NEW YORK (Reuters) – The international writers group PEN announced participants and programs for its annual World Voices Festival of International Literature on Thursday, featuring Salman Rushdie, Ian McEwan, Joyce Carol Oates and actress Mia Farrow.

The festival, which runs from April 29 though May 4 and includes 82 events, will bring together 170 writers from 51 countries in a series of discussions, readings, interviews and performances.

“This will be our biggest and best celebration of literature yet,” the festival’s director Caro Llewellyn said on board the ocean liner Queen Mary 2, where this year’s event was previewed.

PEN American Center’s president Francine Prose noted that this year’s theme of “Public Lives/Private Lives” was particularly apt, given that “our (U.S.) borders are becoming increasingly closed.”
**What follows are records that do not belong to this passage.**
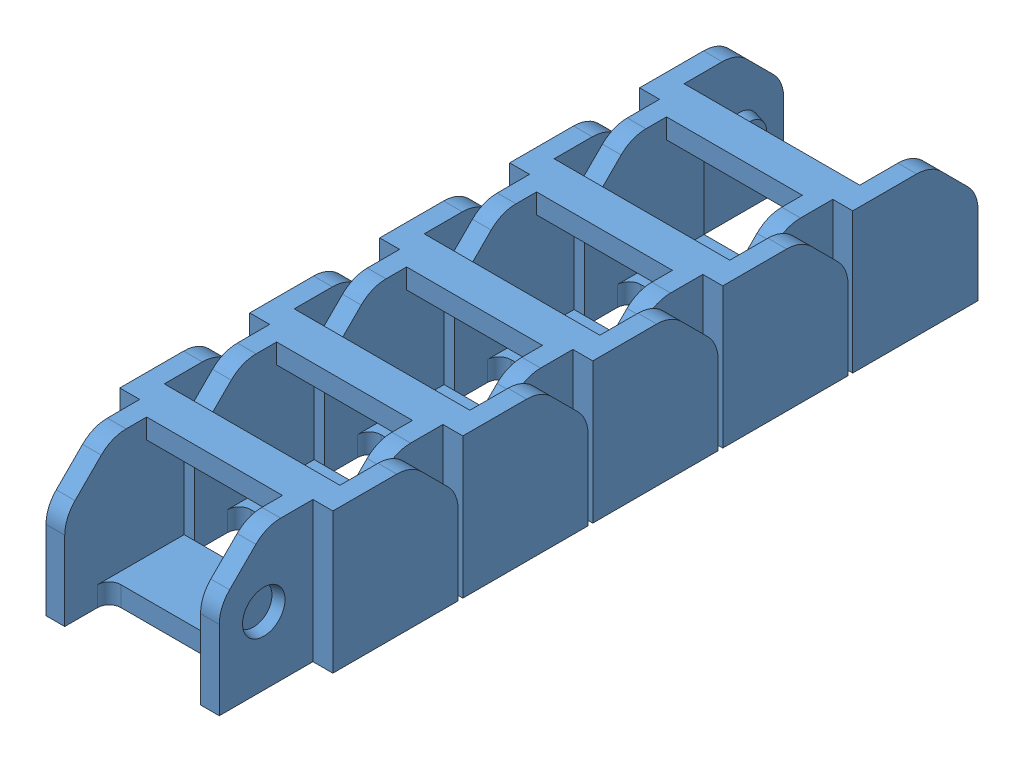
SolidWorks assembly PChain_5link, configuration Default. Lengths in mm.
Overall size (18.2 12 63.1).
5 component instances, 1 part files, 12 mates.
Components (placement in the parent):
- PChain_link-3: PChain_link [Default] at origin size (18.2 12 18.7)
- PChain_link-4: PChain_link [Default] at (0 0 11.1) size (18.2 12 18.7)
- PChain_link-5: PChain_link [Default] at (0 0 22.2) size (18.2 12 18.7)
- PChain_link-6: PChain_link [Default] at (0 0 33.3) size (18.2 12 18.7)
- PChain_link-18: PChain_link [Default] at (0 0 44.4) size (18.2 12 18.7)
Mates (geometry in assembly coordinates):
- Concentric1: concentric anti-aligned: circle of PChain_link-3; circle of PChain_link-4
- Coincident3: coincident aligned: plane of PChain_link-3 through (-9.1 12 -8.5) normal (-1 0 0); plane of PChain_link-4 through (-9.1 12 2.6) normal (-1 0 0)
- Concentric2: concentric aligned: circle of PChain_link-4; circle of PChain_link-5
- Coincident5: coincident aligned: plane of PChain_link-4 through (-9.1 12 2.6) normal (-1 0 0); plane of PChain_link-5 through (-9.1 12 13.7) normal (-1 0 0)
- Concentric3: concentric anti-aligned: circle of PChain_link-6; circle of PChain_link-18
- Coincident6: coincident aligned: plane of PChain_link-6 through (-9.1 12 24.8) normal (-1 0 0); plane of PChain_link-18 through (-9.1 12 35.9) normal (-1 0 0)
- Concentric4: concentric aligned: circle of PChain_link-5; circle of PChain_link-6
- Coincident7: coincident aligned: plane of PChain_link-5 through (-9.1 12 13.7) normal (-1 0 0); plane of PChain_link-6 through (-9.1 12 24.8) normal (-1 0 0)
- LimitAngle1: limit planar angle = 0 rad anti-aligned: plane of PChain_link-4 through (-7.5 12 2.6) normal (0 0 -1); plane of PChain_link-3 through (-9.1 12 2.2) normal (0 0 1)
- LimitAngle2: limit planar angle = 0 rad anti-aligned: plane of PChain_link-5 through (-7.5 12 13.7) normal (0 0 -1); plane of PChain_link-4 through (-9.1 12 13.3) normal (0 0 1)
- LimitAngle3: limit planar angle = 0 rad anti-aligned: plane of PChain_link-6 through (-7.5 12 24.8) normal (0 0 -1); plane of PChain_link-5 through (-9.1 12 24.4) normal (0 0 1)
- LimitAngle4: limit planar angle = 0 rad anti-aligned: plane of PChain_link-18 through (-7.5 12 35.9) normal (0 0 -1); plane of PChain_link-6 through (-9.1 12 35.5) normal (0 0 1)

Prose cited U.S. immigration officials’ refusal this week to admit British writer Sebastian Horsley into the country on grounds of “moral turpitude.”

Horsley’s autobiography, “Dandy in the Underworld,” is a detailed chronicle of the writer’s extensive experiences with drugs and prostitution. “God bless America, land of the free, but sadly not the home of the depraved,” the writer said after being sent back to London.

“Public Lives/Private Lives,” the festival’s opening night event, features Annie Proulx, A.B Yehoshua, Peter Esterhazy, Michael Ondaatje, Carol Bracho, McEwan, Rian Malan and Evelyn Schlag in an examination of the schism between the public lives of famous writers and their often very private natures.

Other highlights include a discussion of the Darfur crisis with actress Farrow and French intellectual Bernard-Henri Levy; an evening with Mario Vargas Llosa, Umberto Eco and PEN World Voice chairman Rushdie entitled “The Three Musketeers Reunited”; a conversation with McEwan and Harvard academic Steven Pinker and an on-stage interview of Oates, author of the Pulitzer Prize nominated books “Black Water,” “What I Lived For” and “Blonde.”